Runco Q-750

One of the big buzzes at this year's show is LED illumination in front projectors, and Runco is in the thick of it with the Q-750, marketed under the QuantumColor moniker. This projector uses Luminus PhlatLight LEDs and recalibrates the color every time it's turned on, which guarantees no color shift over the life of the projector. Speaking of color, it can reproduce a gamut 135 percent larger than NTSC, and it comes with several preset gamuts, including Rec.709, SMPTE C, DCI (the digital-cinema standard), sRGB, Adobe RGB, and the native gamut of the LEDs.

Several features were emphasized at the press conference, such as Personal Color Equalizer, a color-management system that provides hue, saturation, gain, and white point controls for all three primaries and three secondaries. SmartColor increases color saturation while maintaining accurate flesh tones, two goals that are often mutually exclusive. This also allows you to change the color gamut without altering the grayscale. Finally, Color Contrast increases the contrast ratio of each color, which improves the perceived brightness of the image. This is important considering that the maximum light output is a fairly dim 450 lumens at D65. (ISF president Joel Silver was at the press conference, saying he had measured a peak white level of 23 foot-lamberts and an ANSI contrast of 240:1 on an 80-inch-wide Stewart StudioTek 100 screen, both of which are remarkable results.)

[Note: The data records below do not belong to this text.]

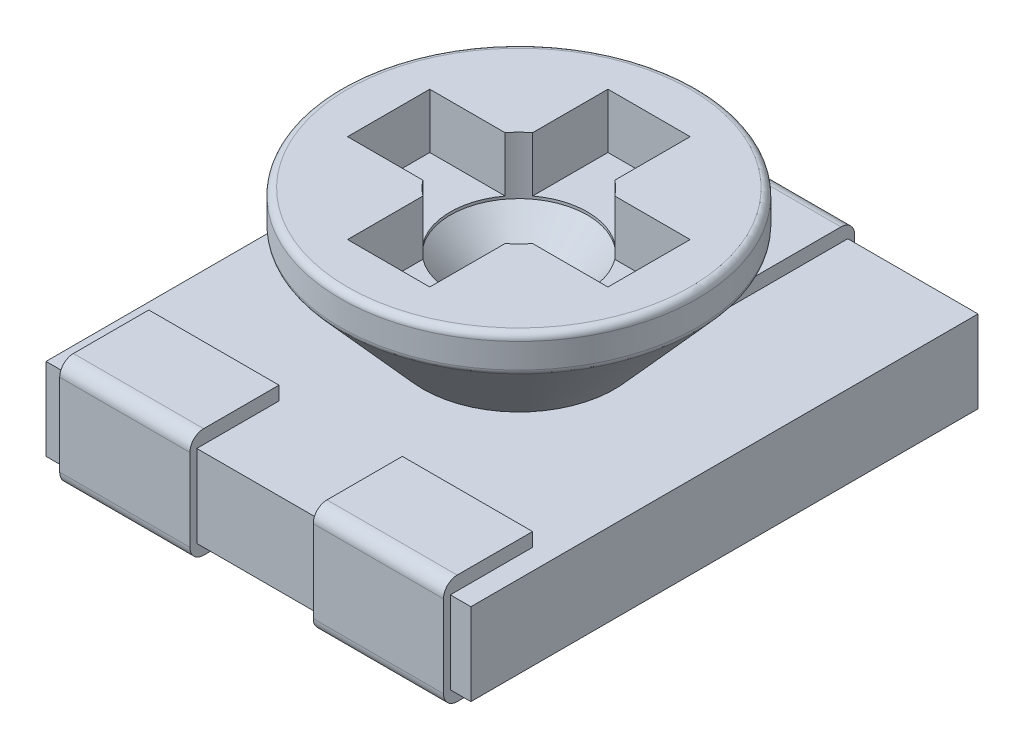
ISO-10303-21;
HEADER;
FILE_DESCRIPTION(('STEP AP214'),'2;1');
FILE_NAME('part.step','',(''),(''),'','','');
FILE_SCHEMA(('AUTOMOTIVE_DESIGN { 1 0 10303 214 1 1 1 1 }'));
ENDSEC;
DATA;
#1=APPLICATION_CONTEXT('core data for automotive mechanical design processes');
#2=APPLICATION_PROTOCOL_DEFINITION('international standard','automotive_design',2000,#1);
#3=PRODUCT_CONTEXT('',#1,'mechanical');
#4=PRODUCT('Part','Part','',(#3));
#5=PRODUCT_RELATED_PRODUCT_CATEGORY('part','',(#4));
#6=PRODUCT_DEFINITION_FORMATION('','',#4);
#7=PRODUCT_DEFINITION_CONTEXT('part definition',#1,'design');
#8=PRODUCT_DEFINITION('design','',#6,#7);
#9=PRODUCT_DEFINITION_SHAPE('','',#8);
#10=(LENGTH_UNIT() NAMED_UNIT(*) SI_UNIT(.MILLI.,.METRE.));
#11=(NAMED_UNIT(*) PLANE_ANGLE_UNIT() SI_UNIT($,.RADIAN.));
#12=(NAMED_UNIT(*) SI_UNIT($,.STERADIAN.) SOLID_ANGLE_UNIT());
#13=UNCERTAINTY_MEASURE_WITH_UNIT(LENGTH_MEASURE(1.E-05),#10,'distance_accuracy_value','');
#14=(GEOMETRIC_REPRESENTATION_CONTEXT(3) GLOBAL_UNCERTAINTY_ASSIGNED_CONTEXT((#13)) GLOBAL_UNIT_ASSIGNED_CONTEXT((#10,
#11,#12)) REPRESENTATION_CONTEXT('',''));
#15=CARTESIAN_POINT('',(0.,0.,0.));
#16=DIRECTION('',(0.,0.,1.));
#17=DIRECTION('',(1.,0.,0.));
#18=AXIS2_PLACEMENT_3D('',#15,#16,#17);
#19=CARTESIAN_POINT('',(-1.55,0.7,-1.8));
#20=DIRECTION('',(0.,-1.,0.));
#21=DIRECTION('',(0.,0.,-1.));
#22=AXIS2_PLACEMENT_3D('',#19,#20,#21);
#23=PLANE('',#22);
#24=CARTESIAN_POINT('',(0.,0.7,0.));
#25=DIRECTION('',(0.,-1.,0.));
#26=DIRECTION('',(0.,0.,-1.));
#27=AXIS2_PLACEMENT_3D('',#24,#25,#26);
#28=CIRCLE('',#27,0.7);
#29=CARTESIAN_POINT('',(0.,0.7,-0.7));
#30=VERTEX_POINT('',#29);
#31=EDGE_CURVE('E515',#30,#30,#28,.T.);
#32=ORIENTED_EDGE('',*,*,#31,.T.);
#33=EDGE_LOOP('',(#32));
#34=FACE_BOUND('',#33,.T.);
#35=DIRECTION('',(0.,0.,1.));
#36=VECTOR('',#35,1.);
#37=CARTESIAN_POINT('',(0.45,0.7,-1.8));
#38=LINE('',#37,#36);
#39=CARTESIAN_POINT('',(0.45,0.7,1.3));
#40=VERTEX_POINT('',#39);
#41=CARTESIAN_POINT('',(0.45,0.7,1.9));
#42=VERTEX_POINT('',#41);
#43=EDGE_CURVE('E573',#40,#42,#38,.T.);
#44=ORIENTED_EDGE('',*,*,#43,.F.);
#45=DIRECTION('',(-1.,0.,0.));
#46=VECTOR('',#45,1.);
#47=CARTESIAN_POINT('',(-1.55,0.7,1.3));
#48=LINE('',#47,#46);
#49=CARTESIAN_POINT('',(1.4,0.7,1.3));
#50=VERTEX_POINT('',#49);
#51=EDGE_CURVE('E577',#50,#40,#48,.T.);
#52=ORIENTED_EDGE('',*,*,#51,.F.);
#53=DIRECTION('',(0.,0.,-1.));
#54=VECTOR('',#53,1.);
#55=CARTESIAN_POINT('',(1.4,0.7,-1.8));
#56=LINE('',#55,#54);
#57=CARTESIAN_POINT('',(1.4,0.7,1.9));
#58=VERTEX_POINT('',#57);
#59=EDGE_CURVE('E566',#58,#50,#56,.T.);
#60=ORIENTED_EDGE('',*,*,#59,.F.);
#61=DIRECTION('',(1.,0.,0.));
#62=VECTOR('',#61,1.);
#63=CARTESIAN_POINT('',(-1.55,0.7,1.9));
#64=LINE('',#63,#62);
#65=CARTESIAN_POINT('',(1.55,0.7,1.9));
#66=VERTEX_POINT('',#65);
#67=EDGE_CURVE('E697',#58,#66,#64,.T.);
#68=ORIENTED_EDGE('',*,*,#67,.T.);
#69=DIRECTION('',(0.,0.,-1.));
#70=VECTOR('',#69,1.);
#71=CARTESIAN_POINT('',(1.55,0.7,1.9));
#72=LINE('',#71,#70);
#73=CARTESIAN_POINT('',(1.55,0.7,-1.8));
#74=VERTEX_POINT('',#73);
#75=EDGE_CURVE('E703',#66,#74,#72,.T.);
#76=ORIENTED_EDGE('',*,*,#75,.T.);
#77=DIRECTION('',(-1.,0.,0.));
#78=VECTOR('',#77,1.);
#79=CARTESIAN_POINT('',(-1.55,0.7,-1.8));
#80=LINE('',#79,#78);
#81=CARTESIAN_POINT('',(0.6,0.7,-1.8));
#82=VERTEX_POINT('',#81);
#83=EDGE_CURVE('E708',#74,#82,#80,.T.);
#84=ORIENTED_EDGE('',*,*,#83,.T.);
#85=DIRECTION('',(0.,0.,-1.));
#86=VECTOR('',#85,1.);
#87=CARTESIAN_POINT('',(0.6,0.7,-1.8));
#88=LINE('',#87,#86);
#89=CARTESIAN_POINT('',(0.6,0.7,-0.9));
#90=VERTEX_POINT('',#89);
#91=EDGE_CURVE('E680',#90,#82,#88,.T.);
#92=ORIENTED_EDGE('',*,*,#91,.F.);
#93=DIRECTION('',(1.,0.,0.));
#94=VECTOR('',#93,1.);
#95=CARTESIAN_POINT('',(-1.55,0.7,-0.9));
#96=LINE('',#95,#94);
#97=CARTESIAN_POINT('',(-0.6,0.7,-0.9));
#98=VERTEX_POINT('',#97);
#99=EDGE_CURVE('E683',#98,#90,#96,.T.);
#100=ORIENTED_EDGE('',*,*,#99,.F.);
#101=DIRECTION('',(0.,0.,1.));
#102=VECTOR('',#101,1.);
#103=CARTESIAN_POINT('',(-0.6,0.7,-1.8));
#104=LINE('',#103,#102);
#105=CARTESIAN_POINT('',(-0.6,0.7,-1.8));
#106=VERTEX_POINT('',#105);
#107=EDGE_CURVE('E689',#106,#98,#104,.T.);
#108=ORIENTED_EDGE('',*,*,#107,.F.);
#109=CARTESIAN_POINT('',(-1.55,0.7,-1.8));
#110=VERTEX_POINT('',#109);
#111=EDGE_CURVE('E707',#106,#110,#80,.T.);
#112=ORIENTED_EDGE('',*,*,#111,.T.);
#113=DIRECTION('',(0.,0.,1.));
#114=VECTOR('',#113,1.);
#115=CARTESIAN_POINT('',(-1.55,0.7,1.9));
#116=LINE('',#115,#114);
#117=CARTESIAN_POINT('',(-1.55,0.7,1.9));
#118=VERTEX_POINT('',#117);
#119=EDGE_CURVE('E693',#110,#118,#116,.T.);
#120=ORIENTED_EDGE('',*,*,#119,.T.);
#121=CARTESIAN_POINT('',(-1.4,0.7,1.9));
#122=VERTEX_POINT('',#121);
#123=EDGE_CURVE('E699',#118,#122,#64,.T.);
#124=ORIENTED_EDGE('',*,*,#123,.T.);
#125=DIRECTION('',(0.,0.,1.));
#126=VECTOR('',#125,1.);
#127=CARTESIAN_POINT('',(-1.4,0.7,-1.8));
#128=LINE('',#127,#126);
#129=CARTESIAN_POINT('',(-1.4,0.7,1.3));
#130=VERTEX_POINT('',#129);
#131=EDGE_CURVE('E630',#130,#122,#128,.T.);
#132=ORIENTED_EDGE('',*,*,#131,.F.);
#133=DIRECTION('',(-1.,0.,0.));
#134=VECTOR('',#133,1.);
#135=CARTESIAN_POINT('',(-1.55,0.7,1.3));
#136=LINE('',#135,#134);
#137=CARTESIAN_POINT('',(-0.45,0.7,1.3));
#138=VERTEX_POINT('',#137);
#139=EDGE_CURVE('E634',#138,#130,#136,.T.);
#140=ORIENTED_EDGE('',*,*,#139,.F.);
#141=DIRECTION('',(0.,0.,-1.));
#142=VECTOR('',#141,1.);
#143=CARTESIAN_POINT('',(-0.45,0.7,-1.8));
#144=LINE('',#143,#142);
#145=CARTESIAN_POINT('',(-0.45,0.7,1.9));
#146=VERTEX_POINT('',#145);
#147=EDGE_CURVE('E623',#146,#138,#144,.T.);
#148=ORIENTED_EDGE('',*,*,#147,.F.);
#149=EDGE_CURVE('E704',#146,#42,#64,.T.);
#150=ORIENTED_EDGE('',*,*,#149,.T.);
#151=EDGE_LOOP('',(#44,#52,#60,#68,#76,#84,#92,#100,#108,#112,#120,#124,#132,#140,#148,#150));
#152=FACE_BOUND('',#151,.T.);
#153=ADVANCED_FACE('F34',(#34,#152),#23,.F.);
#154=CARTESIAN_POINT('',(-1.55,0.1,-1.8));
#155=DIRECTION('',(0.,-1.,0.));
#156=DIRECTION('',(0.,0.,-1.));
#157=AXIS2_PLACEMENT_3D('',#154,#155,#156);
#158=PLANE('',#157);
#159=DIRECTION('',(-1.,0.,0.));
#160=VECTOR('',#159,1.);
#161=CARTESIAN_POINT('',(-1.55,0.1,1.3));
#162=LINE('',#161,#160);
#163=CARTESIAN_POINT('',(1.4,0.1,1.3));
#164=VERTEX_POINT('',#163);
#165=CARTESIAN_POINT('',(0.45,0.1,1.3));
#166=VERTEX_POINT('',#165);
#167=EDGE_CURVE('E775',#164,#166,#162,.T.);
#168=ORIENTED_EDGE('',*,*,#167,.T.);
#169=DIRECTION('',(0.,0.,1.));
#170=VECTOR('',#169,1.);
#171=CARTESIAN_POINT('',(0.45,0.1,-1.8));
#172=LINE('',#171,#170);
#173=CARTESIAN_POINT('',(0.45,0.1,1.9));
#174=VERTEX_POINT('',#173);
#175=EDGE_CURVE('E570',#166,#174,#172,.T.);
#176=ORIENTED_EDGE('',*,*,#175,.T.);
#177=DIRECTION('',(1.,0.,0.));
#178=VECTOR('',#177,1.);
#179=CARTESIAN_POINT('',(-1.55,0.1,1.9));
#180=LINE('',#179,#178);
#181=CARTESIAN_POINT('',(-0.45,0.1,1.9));
#182=VERTEX_POINT('',#181);
#183=EDGE_CURVE('E722',#182,#174,#180,.T.);
#184=ORIENTED_EDGE('',*,*,#183,.F.);
#185=DIRECTION('',(0.,0.,-1.));
#186=VECTOR('',#185,1.);
#187=CARTESIAN_POINT('',(-0.45,0.1,-1.8));
#188=LINE('',#187,#186);
#189=CARTESIAN_POINT('',(-0.45,0.1,1.3));
#190=VERTEX_POINT('',#189);
#191=EDGE_CURVE('E620',#182,#190,#188,.T.);
#192=ORIENTED_EDGE('',*,*,#191,.T.);
#193=DIRECTION('',(-1.,0.,0.));
#194=VECTOR('',#193,1.);
#195=CARTESIAN_POINT('',(-1.55,0.1,1.3));
#196=LINE('',#195,#194);
#197=CARTESIAN_POINT('',(-1.4,0.1,1.3));
#198=VERTEX_POINT('',#197);
#199=EDGE_CURVE('E764',#190,#198,#196,.T.);
#200=ORIENTED_EDGE('',*,*,#199,.T.);
#201=DIRECTION('',(0.,0.,1.));
#202=VECTOR('',#201,1.);
#203=CARTESIAN_POINT('',(-1.4,0.1,-1.8));
#204=LINE('',#203,#202);
#205=CARTESIAN_POINT('',(-1.4,0.1,1.9));
#206=VERTEX_POINT('',#205);
#207=EDGE_CURVE('E627',#198,#206,#204,.T.);
#208=ORIENTED_EDGE('',*,*,#207,.T.);
#209=CARTESIAN_POINT('',(-1.55,0.1,1.9));
#210=VERTEX_POINT('',#209);
#211=EDGE_CURVE('E717',#210,#206,#180,.T.);
#212=ORIENTED_EDGE('',*,*,#211,.F.);
#213=DIRECTION('',(0.,0.,1.));
#214=VECTOR('',#213,1.);
#215=CARTESIAN_POINT('',(-1.55,0.1,1.9));
#216=LINE('',#215,#214);
#217=CARTESIAN_POINT('',(-1.55,0.1,-1.8));
#218=VERTEX_POINT('',#217);
#219=EDGE_CURVE('E692',#218,#210,#216,.T.);
#220=ORIENTED_EDGE('',*,*,#219,.F.);
#221=DIRECTION('',(-1.,0.,0.));
#222=VECTOR('',#221,1.);
#223=CARTESIAN_POINT('',(-1.55,0.1,-1.8));
#224=LINE('',#223,#222);
#225=CARTESIAN_POINT('',(-0.6,0.1,-1.8));
#226=VERTEX_POINT('',#225);
#227=EDGE_CURVE('E725',#226,#218,#224,.T.);
#228=ORIENTED_EDGE('',*,*,#227,.F.);
#229=DIRECTION('',(0.,0.,1.));
#230=VECTOR('',#229,1.);
#231=CARTESIAN_POINT('',(-0.6,0.1,-1.8));
#232=LINE('',#231,#230);
#233=CARTESIAN_POINT('',(-0.6,0.1,-0.9));
#234=VERTEX_POINT('',#233);
#235=EDGE_CURVE('E752',#226,#234,#232,.T.);
#236=ORIENTED_EDGE('',*,*,#235,.T.);
#237=DIRECTION('',(1.,0.,0.));
#238=VECTOR('',#237,1.);
#239=CARTESIAN_POINT('',(-1.55,0.1,-0.9));
#240=LINE('',#239,#238);
#241=CARTESIAN_POINT('',(0.6,0.1,-0.9));
#242=VERTEX_POINT('',#241);
#243=EDGE_CURVE('E748',#234,#242,#240,.T.);
#244=ORIENTED_EDGE('',*,*,#243,.T.);
#245=DIRECTION('',(0.,0.,-1.));
#246=VECTOR('',#245,1.);
#247=CARTESIAN_POINT('',(0.6,0.1,-1.8));
#248=LINE('',#247,#246);
#249=CARTESIAN_POINT('',(0.599999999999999,0.1,-1.8));
#250=VERTEX_POINT('',#249);
#251=EDGE_CURVE('E744',#242,#250,#248,.T.);
#252=ORIENTED_EDGE('',*,*,#251,.T.);
#253=CARTESIAN_POINT('',(1.55,0.1,-1.8));
#254=VERTEX_POINT('',#253);
#255=EDGE_CURVE('E698',#254,#250,#224,.T.);
#256=ORIENTED_EDGE('',*,*,#255,.F.);
#257=DIRECTION('',(0.,0.,-1.));
#258=VECTOR('',#257,1.);
#259=CARTESIAN_POINT('',(1.55,0.1,1.9));
#260=LINE('',#259,#258);
#261=CARTESIAN_POINT('',(1.55,0.1,1.9));
#262=VERTEX_POINT('',#261);
#263=EDGE_CURVE('E721',#262,#254,#260,.T.);
#264=ORIENTED_EDGE('',*,*,#263,.F.);
#265=CARTESIAN_POINT('',(1.4,0.1,1.9));
#266=VERTEX_POINT('',#265);
#267=EDGE_CURVE('E716',#266,#262,#180,.T.);
#268=ORIENTED_EDGE('',*,*,#267,.F.);
#269=DIRECTION('',(0.,0.,-1.));
#270=VECTOR('',#269,1.);
#271=CARTESIAN_POINT('',(1.4,0.1,-1.8));
#272=LINE('',#271,#270);
#273=EDGE_CURVE('E563',#266,#164,#272,.T.);
#274=ORIENTED_EDGE('',*,*,#273,.T.);
#275=EDGE_LOOP('',(#168,#176,#184,#192,#200,#208,#212,#220,#228,#236,#244,#252,#256,#264,#268,#274));
#276=FACE_BOUND('',#275,.T.);
#277=ADVANCED_FACE('F936',(#276),#158,.T.);
#278=CARTESIAN_POINT('',(-1.55,0.7,1.9));
#279=DIRECTION('',(0.,0.,-1.));
#280=DIRECTION('',(-1.,0.,0.));
#281=AXIS2_PLACEMENT_3D('',#278,#279,#280);
#282=PLANE('',#281);
#283=DIRECTION('',(0.,-1.,0.));
#284=VECTOR('',#283,1.);
#285=CARTESIAN_POINT('',(0.45,0.7,1.9));
#286=LINE('',#285,#284);
#287=EDGE_CURVE('E771',#42,#174,#286,.T.);
#288=ORIENTED_EDGE('',*,*,#287,.F.);
#289=ORIENTED_EDGE('',*,*,#149,.F.);
#290=DIRECTION('',(0.,1.,0.));
#291=VECTOR('',#290,1.);
#292=CARTESIAN_POINT('',(-0.45,0.7,1.9));
#293=LINE('',#292,#291);
#294=EDGE_CURVE('E756',#182,#146,#293,.T.);
#295=ORIENTED_EDGE('',*,*,#294,.F.);
#296=ORIENTED_EDGE('',*,*,#183,.T.);
#297=EDGE_LOOP('',(#288,#289,#295,#296));
#298=FACE_BOUND('',#297,.T.);
#299=ADVANCED_FACE('F943',(#298),#282,.F.);
#300=DIRECTION('',(0.,1.,0.));
#301=VECTOR('',#300,1.);
#302=CARTESIAN_POINT('',(1.4,0.7,1.9));
#303=LINE('',#302,#301);
#304=EDGE_CURVE('E767',#266,#58,#303,.T.);
#305=ORIENTED_EDGE('',*,*,#304,.F.);
#306=ORIENTED_EDGE('',*,*,#267,.T.);
#307=DIRECTION('',(0.,-1.,0.));
#308=VECTOR('',#307,1.);
#309=CARTESIAN_POINT('',(1.55,0.7,1.9));
#310=LINE('',#309,#308);
#311=EDGE_CURVE('E736',#66,#262,#310,.T.);
#312=ORIENTED_EDGE('',*,*,#311,.F.);
#313=ORIENTED_EDGE('',*,*,#67,.F.);
#314=EDGE_LOOP('',(#305,#306,#312,#313));
#315=FACE_BOUND('',#314,.T.);
#316=ADVANCED_FACE('F1148',(#315),#282,.F.);
#317=DIRECTION('',(0.,-1.,0.));
#318=VECTOR('',#317,1.);
#319=CARTESIAN_POINT('',(-1.4,0.7,1.9));
#320=LINE('',#319,#318);
#321=EDGE_CURVE('E760',#122,#206,#320,.T.);
#322=ORIENTED_EDGE('',*,*,#321,.F.);
#323=ORIENTED_EDGE('',*,*,#123,.F.);
#324=DIRECTION('',(0.,-1.,0.));
#325=VECTOR('',#324,1.);
#326=CARTESIAN_POINT('',(-1.55,0.7,1.9));
#327=LINE('',#326,#325);
#328=EDGE_CURVE('E740',#118,#210,#327,.T.);
#329=ORIENTED_EDGE('',*,*,#328,.T.);
#330=ORIENTED_EDGE('',*,*,#211,.T.);
#331=EDGE_LOOP('',(#322,#323,#329,#330));
#332=FACE_BOUND('',#331,.T.);
#333=ADVANCED_FACE('F1168',(#332),#282,.F.);
#334=CARTESIAN_POINT('',(-1.55,0.7,-1.8));
#335=DIRECTION('',(0.,0.,1.));
#336=DIRECTION('',(1.,0.,0.));
#337=AXIS2_PLACEMENT_3D('',#334,#335,#336);
#338=PLANE('',#337);
#339=DIRECTION('',(0.,1.,0.));
#340=VECTOR('',#339,1.);
#341=CARTESIAN_POINT('',(-0.6,0.7,-1.8));
#342=LINE('',#341,#340);
#343=EDGE_CURVE('E686',#226,#106,#342,.T.);
#344=ORIENTED_EDGE('',*,*,#343,.F.);
#345=ORIENTED_EDGE('',*,*,#227,.T.);
#346=DIRECTION('',(0.,-1.,0.));
#347=VECTOR('',#346,1.);
#348=CARTESIAN_POINT('',(-1.55,0.7,-1.8));
#349=LINE('',#348,#347);
#350=EDGE_CURVE('E712',#110,#218,#349,.T.);
#351=ORIENTED_EDGE('',*,*,#350,.F.);
#352=ORIENTED_EDGE('',*,*,#111,.F.);
#353=EDGE_LOOP('',(#344,#345,#351,#352));
#354=FACE_BOUND('',#353,.T.);
#355=ADVANCED_FACE('F1164',(#354),#338,.F.);
#356=DIRECTION('',(0.,-1.,0.));
#357=VECTOR('',#356,1.);
#358=CARTESIAN_POINT('',(0.6,0.7,-1.8));
#359=LINE('',#358,#357);
#360=EDGE_CURVE('E677',#82,#250,#359,.T.);
#361=ORIENTED_EDGE('',*,*,#360,.F.);
#362=ORIENTED_EDGE('',*,*,#83,.F.);
#363=DIRECTION('',(0.,-1.,0.));
#364=VECTOR('',#363,1.);
#365=CARTESIAN_POINT('',(1.55,0.7,-1.8));
#366=LINE('',#365,#364);
#367=EDGE_CURVE('E732',#74,#254,#366,.T.);
#368=ORIENTED_EDGE('',*,*,#367,.T.);
#369=ORIENTED_EDGE('',*,*,#255,.T.);
#370=EDGE_LOOP('',(#361,#362,#368,#369));
#371=FACE_BOUND('',#370,.T.);
#372=ADVANCED_FACE('F1093',(#371),#338,.F.);
#373=CARTESIAN_POINT('',(-1.55,0.7,1.9));
#374=DIRECTION('',(1.,0.,0.));
#375=DIRECTION('',(0.,0.,-1.));
#376=AXIS2_PLACEMENT_3D('',#373,#374,#375);
#377=PLANE('',#376);
#378=ORIENTED_EDGE('',*,*,#219,.T.);
#379=ORIENTED_EDGE('',*,*,#328,.F.);
#380=ORIENTED_EDGE('',*,*,#119,.F.);
#381=ORIENTED_EDGE('',*,*,#350,.T.);
#382=EDGE_LOOP('',(#378,#379,#380,#381));
#383=FACE_BOUND('',#382,.T.);
#384=ADVANCED_FACE('F1068',(#383),#377,.F.);
#385=CARTESIAN_POINT('',(1.55,0.7,1.9));
#386=DIRECTION('',(-1.,0.,0.));
#387=DIRECTION('',(0.,0.,1.));
#388=AXIS2_PLACEMENT_3D('',#385,#386,#387);
#389=PLANE('',#388);
#390=ORIENTED_EDGE('',*,*,#263,.T.);
#391=ORIENTED_EDGE('',*,*,#367,.F.);
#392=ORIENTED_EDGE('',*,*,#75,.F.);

The demo was presented in a completely darkened room on a 105-inch-wide Stewart StudioTek 130 screen, and it looked fantastic. The black level was amazing—the blackouts at the beginning of Cars were completely invisible, and after each quick shot between them, the psychophysiological afterimage was clearly evident. I was surprised they chose to project the demo material with the native color gamut rather than Rec.709—the uniforms of the St. Louis Cardinals looked more crimson than red, but I was told that's actually how they look in person. Still, I'd prefer to see the correct reproduction gamut, which is easy enough to select in the menu.

The Q-750 will be available in two versions—the Q-750i ($15,000, available November) with internal video processing and the Q-750d ($18,000, available 6-8 weeks later) with Runco's new DHD 3 external processor/input box. I have seen the Q, and it is beautiful.